* YOUR INSTRUCTIONS
Could you restate, exactly and with nothing added, the lines from the start of the data through the line that holds "#1130 = ADVANCED_FACE", leaving the pictures out?

-------- EXTRACTED ENTRIES --------

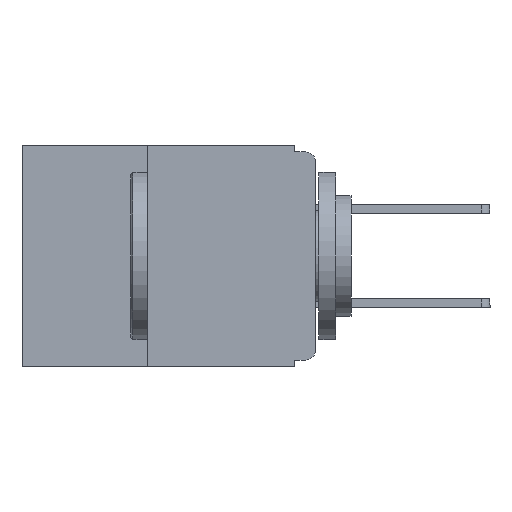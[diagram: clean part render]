
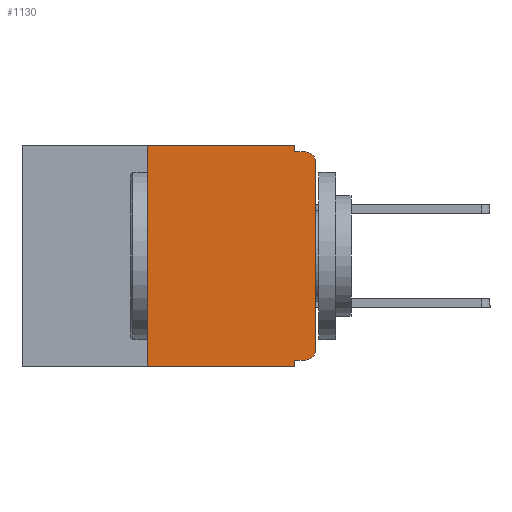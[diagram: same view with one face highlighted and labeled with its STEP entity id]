
A CAD part, left-side view. The second image highlights one B-rep face of the part: STEP entity #1130.
In plain terms, the highlighted planar face has unit normal (-1, 0, 0).
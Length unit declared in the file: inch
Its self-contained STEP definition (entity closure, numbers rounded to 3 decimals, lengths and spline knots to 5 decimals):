
#702 = VECTOR ( 'NONE', #17763, 39.37008 ) ;
#958 = CARTESIAN_POINT ( 'NONE',  ( 0., 0.031, -0.33 ) ) ;
#1130 = ADVANCED_FACE ( 'NONE', ( #19802 ), #24690, .F. ) ;
#1189 = ORIENTED_EDGE ( 'NONE', *, *, #8545, .T. ) ;
#1909 = DIRECTION ( 'NONE',  ( 0., -1., 0. ) ) ;
#2127 = VERTEX_POINT ( 'NONE', #34763 ) ;
#2407 = ORIENTED_EDGE ( 'NONE', *, *, #33348, .F. ) ;
#3143 = CARTESIAN_POINT ( 'NONE',  ( 0., 0.25, 0. ) ) ;
#4107 = CARTESIAN_POINT ( 'NONE',  ( 0., 0.031, -0.32 ) ) ;
#4244 = ORIENTED_EDGE ( 'NONE', *, *, #32124, .T. ) ;
#4587 = EDGE_LOOP ( 'NONE', ( #1189, #4244, #25707, #14916, #13325, #2407, #25126, #17019, #25480, #13287 ) ) ;
#4711 = CARTESIAN_POINT ( 'NONE',  ( 0., 0.015, -0.305 ) ) ;
#4724 = VERTEX_POINT ( 'NONE', #30430 ) ;
#4998 = CARTESIAN_POINT ( 'NONE',  ( 0., 0.031, -0.01 ) ) ;
#5150 = CARTESIAN_POINT ( 'NONE',  ( 0., 0.25, -0.33 ) ) ;
#5328 = LINE ( 'NONE', #26203, #28204 ) ;
#5476 = LINE ( 'NONE', #7486, #33795 ) ;
#6086 = VECTOR ( 'NONE', #34274, 39.37008 ) ;
#6762 = EDGE_CURVE ( 'NONE', #31149, #29817, #5328, .T. ) ;
#7486 = CARTESIAN_POINT ( 'NONE',  ( 0., 0.437, -0.33 ) ) ;
#7559 = DIRECTION ( 'NONE',  ( 0., 0., -1. ) ) ;
#7846 = CARTESIAN_POINT ( 'NONE',  ( 0., 0.25, -0.33 ) ) ;
#7953 = AXIS2_PLACEMENT_3D ( 'NONE', #4711, #24102, #7559 ) ;
#8545 = EDGE_CURVE ( 'NONE', #25577, #4724, #13510, .T. ) ;
#9744 = EDGE_CURVE ( 'NONE', #32953, #10733, #12623, .T. ) ;
#10733 = VERTEX_POINT ( 'NONE', #14672 ) ;
#11938 = DIRECTION ( 'NONE',  ( -1., 0., 0. ) ) ;
#12151 = CARTESIAN_POINT ( 'NONE',  ( 0., 0., -0.01 ) ) ;
#12623 = LINE ( 'NONE', #12151, #19950 ) ;
#12669 = LINE ( 'NONE', #30220, #25568 ) ;
#13287 = ORIENTED_EDGE ( 'NONE', *, *, #29283, .T. ) ;
#13325 = ORIENTED_EDGE ( 'NONE', *, *, #30648, .F. ) ;
#13510 = LINE ( 'NONE', #15325, #6086 ) ;
#14365 = AXIS2_PLACEMENT_3D ( 'NONE', #28364, #11938, #31098 ) ;
#14672 = CARTESIAN_POINT ( 'NONE',  ( 0., 0.015, -0.01 ) ) ;
#14901 = LINE ( 'NONE', #19109, #28556 ) ;
#14916 = ORIENTED_EDGE ( 'NONE', *, *, #26097, .F. ) ;
#15084 = CIRCLE ( 'NONE', #7953, 0.015 ) ;
#15325 = CARTESIAN_POINT ( 'NONE',  ( 0., 0., 0. ) ) ;
#17019 = ORIENTED_EDGE ( 'NONE', *, *, #26911, .F. ) ;
#17176 = VERTEX_POINT ( 'NONE', #3143 ) ;
#17763 = DIRECTION ( 'NONE',  ( 0., 0., -1. ) ) ;
#18141 = VERTEX_POINT ( 'NONE', #5150 ) ;
#19109 = CARTESIAN_POINT ( 'NONE',  ( 0., 0.031, 0. ) ) ;
#19158 = CARTESIAN_POINT ( 'NONE',  ( 0., 0.031, -0.33 ) ) ;
#19163 = VERTEX_POINT ( 'NONE', #19158 ) ;
#19802 = FACE_OUTER_BOUND ( 'NONE', #4587, .T. ) ;
#19950 = VECTOR ( 'NONE', #31191, 39.37008 ) ;
#21842 = DIRECTION ( 'NONE',  ( 0., 0., -1. ) ) ;
#22022 = DIRECTION ( 'NONE',  ( 0., -1., 0. ) ) ;
#24102 = DIRECTION ( 'NONE',  ( -1., 0., 0. ) ) ;
#24690 = PLANE ( 'NONE',  #25575 ) ;
#24903 = DIRECTION ( 'NONE',  ( 0., 1., 0. ) ) ;
#25126 = ORIENTED_EDGE ( 'NONE', *, *, #28708, .T. ) ;
#25480 = ORIENTED_EDGE ( 'NONE', *, *, #6762, .F. ) ;
#25568 = VECTOR ( 'NONE', #22022, 39.37008 ) ;
#25575 = AXIS2_PLACEMENT_3D ( 'NONE', #28956, #28913, #29778 ) ;
#25577 = VERTEX_POINT ( 'NONE', #27715 ) ;
#25707 = ORIENTED_EDGE ( 'NONE', *, *, #9744, .F. ) ;
#26097 = EDGE_CURVE ( 'NONE', #2127, #32953, #14901, .T. ) ;
#26203 = CARTESIAN_POINT ( 'NONE',  ( 0., 0., -0.32 ) ) ;
#26911 = EDGE_CURVE ( 'NONE', #29817, #19163, #31040, .T. ) ;
#27715 = CARTESIAN_POINT ( 'NONE',  ( 0., 0., -0.305 ) ) ;
#28204 = VECTOR ( 'NONE', #24903, 39.37008 ) ;
#28364 = CARTESIAN_POINT ( 'NONE',  ( 0., 0.015, -0.025 ) ) ;
#28556 = VECTOR ( 'NONE', #21842, 39.37008 ) ;
#28708 = EDGE_CURVE ( 'NONE', #18141, #19163, #5476, .T. ) ;
#28913 = DIRECTION ( 'NONE',  ( 1., 0., 0. ) ) ;
#28956 = CARTESIAN_POINT ( 'NONE',  ( 0., 0.437, 0. ) ) ;
#29144 = VECTOR ( 'NONE', #32537, 39.37008 ) ;
#29283 = EDGE_CURVE ( 'NONE', #31149, #25577, #15084, .T. ) ;
#29778 = DIRECTION ( 'NONE',  ( 0., 0., -1. ) ) ;
#29817 = VERTEX_POINT ( 'NONE', #4107 ) ;
#29976 = LINE ( 'NONE', #7846, #29144 ) ;
#30220 = CARTESIAN_POINT ( 'NONE',  ( 0., 0.437, 0. ) ) ;
#30430 = CARTESIAN_POINT ( 'NONE',  ( 0., 0., -0.025 ) ) ;
#30648 = EDGE_CURVE ( 'NONE', #17176, #2127, #12669, .T. ) ;
#31040 = LINE ( 'NONE', #958, #702 ) ;
#31098 = DIRECTION ( 'NONE',  ( 0., 0., -1. ) ) ;
#31149 = VERTEX_POINT ( 'NONE', #32298 ) ;
#31191 = DIRECTION ( 'NONE',  ( 0., -1., 0. ) ) ;
#32124 = EDGE_CURVE ( 'NONE', #4724, #10733, #33853, .T. ) ;
#32298 = CARTESIAN_POINT ( 'NONE',  ( 0., 0.015, -0.32 ) ) ;
#32537 = DIRECTION ( 'NONE',  ( 0., 0., 1. ) ) ;
#32953 = VERTEX_POINT ( 'NONE', #4998 ) ;
#33348 = EDGE_CURVE ( 'NONE', #18141, #17176, #29976, .T. ) ;
#33795 = VECTOR ( 'NONE', #1909, 39.37008 ) ;
#33853 = CIRCLE ( 'NONE', #14365, 0.015 ) ;
#34274 = DIRECTION ( 'NONE',  ( 0., 0., 1. ) ) ;
#34763 = CARTESIAN_POINT ( 'NONE',  ( 0., 0.031, 0. ) ) ;

--------

* ANSWER
[diagram: clean part render]
[diagram: same view with one face highlighted and labeled with its STEP entity id]
A CAD part, left-side view. The second image highlights one B-rep face of the part: STEP entity #1130.
In plain terms, the highlighted planar face has unit normal (-1, 0, 0).
Length unit declared in the file: inch
Its self-contained STEP definition (entity closure, numbers rounded to 3 decimals, lengths and spline knots to 5 decimals):
#702 = VECTOR ( 'NONE', #17763, 39.37008 ) ;
#958 = CARTESIAN_POINT ( 'NONE',  ( 0., 0.031, -0.33 ) ) ;
#1130 = ADVANCED_FACE ( 'NONE', ( #19802 ), #24690, .F. ) ;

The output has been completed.